## Your assignment:
Restate, exactly and without pictures, the lines from the start of the listing below through the line holding "Constant9 : Constant".

○ ○ ○ ○ ○ ○ ○

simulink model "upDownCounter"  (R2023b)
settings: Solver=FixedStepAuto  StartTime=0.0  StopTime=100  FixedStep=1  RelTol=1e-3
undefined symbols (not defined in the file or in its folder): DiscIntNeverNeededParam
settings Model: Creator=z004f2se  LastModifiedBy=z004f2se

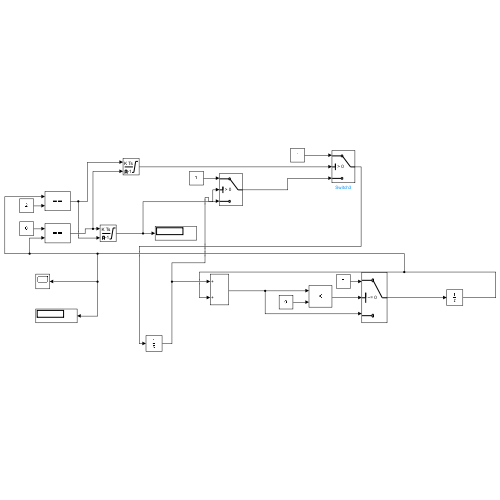
[thumbnail: Simulink's stored preview of the top-level diagram]
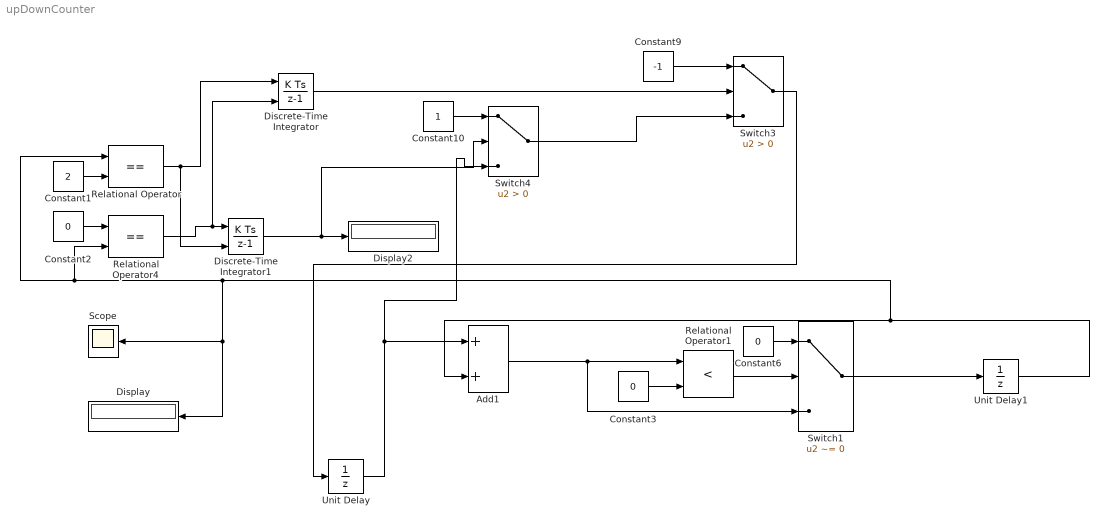
== system upDownCounter ==
  Add1 : Sum
  Constant1 : Constant  Value=2  SampleTime=-1
  Constant10 : Constant
  Constant2 : Constant  Value=0  SampleTime=-1
  Constant3 : Constant  Value=0  SampleTime=-1
  Constant6 : Constant  Value=0  SampleTime=-1
  Constant9 : Constant  Value=-1
  Discrete-Time Integrator : DiscreteIntegrator  ExternalReset=level  SampleTime=-1  OutDataTypeStr=double  LimitOutput=on  UpperSaturationLimit=1  ICPrevOutput=DiscIntNeverNeededParam  ICPrevScaledInput=DiscIntNeverNeededParam
  Discrete-Time Integrator1 : DiscreteIntegrator  ExternalReset=level  SampleTime=-1  OutDataTypeStr=double  LimitOutput=on  UpperSaturationLimit=1  ICPrevOutput=DiscIntNeverNeededParam  ICPrevScaledInput=DiscIntNeverNeededParam
  Display : Display
  Display2 : Display
  Relational Operator : RelationalOperator  Operator===  OutDataTypeStr=boolean  RndMeth=Simplest  InputSameDT=off
  Relational Operator1 : RelationalOperator  Operator=<  OutDataTypeStr=boolean  RndMeth=Simplest  InputSameDT=off
  Relational Operator4 : RelationalOperator  Operator===  OutDataTypeStr=boolean  RndMeth=Simplest  InputSameDT=off
  Scope : Scope
  Switch1 : Switch  Criteria=u2 ~= 0  SaturateOnIntegerOverflow=off  InputSameDT=off
  Switch3 : Switch  Criteria=u2 > Threshold  SaturateOnIntegerOverflow=off  InputSameDT=off
  Switch4 : Switch  Criteria=u2 > Threshold  SaturateOnIntegerOverflow=off  InputSameDT=off
  Unit Delay : UnitDelay  SampleTime=-1  HasFrameUpgradeWarning=on
  Unit Delay1 : UnitDelay  SampleTime=-1  HasFrameUpgradeWarning=on
  wires:
  Constant1/1 -> Relational Operator/2
  Unit Delay/1 -> Switch4/3, Add1/1
  Unit Delay1/1 -> Add1/2, Display/1, Scope/1, Relational Operator4/2, Relational Operator/1
  Relational Operator/1 -> Discrete-Time Integrator1/2, Discrete-Time Integrator/1
  Discrete-Time Integrator1/1 -> Switch4/2, Display2/1
  Discrete-Time Integrator/1 -> Switch3/2
  Constant2/1 -> Relational Operator4/1
  Relational Operator4/1 -> Discrete-Time Integrator/2, Discrete-Time Integrator1/1
  Constant9/1 -> Switch3/1
  Constant10/1 -> Switch4/1
  Switch3/1 -> Unit Delay/1
  Switch4/1 -> Switch3/3
  Constant3/1 -> Relational Operator1/2
  Add1/1 -> Switch1/3, Relational Operator1/1
  Relational Operator1/1 -> Switch1/2
  Switch1/1 -> Unit Delay1/1
  Constant6/1 -> Switch1/1

○ ○ ○ ○ ○ ○ ○

## Response to the task:
simulink model "upDownCounter"  (R2023b)
settings: Solver=FixedStepAuto  StartTime=0.0  StopTime=100  FixedStep=1  RelTol=1e-3
undefined symbols (not defined in the file or in its folder): DiscIntNeverNeededParam
settings Model: Creator=z004f2se  LastModifiedBy=z004f2se

[thumbnail: Simulink's stored preview of the top-level diagram]
== system upDownCounter ==
  Add1 : Sum
  Constant1 : Constant  Value=2  SampleTime=-1
  Constant10 : Constant
  Constant2 : Constant  Value=0  SampleTime=-1
  Constant3 : Constant  Value=0  SampleTime=-1
  Constant6 : Constant  Value=0  SampleTime=-1
  Constant9 : Constant  Value=-1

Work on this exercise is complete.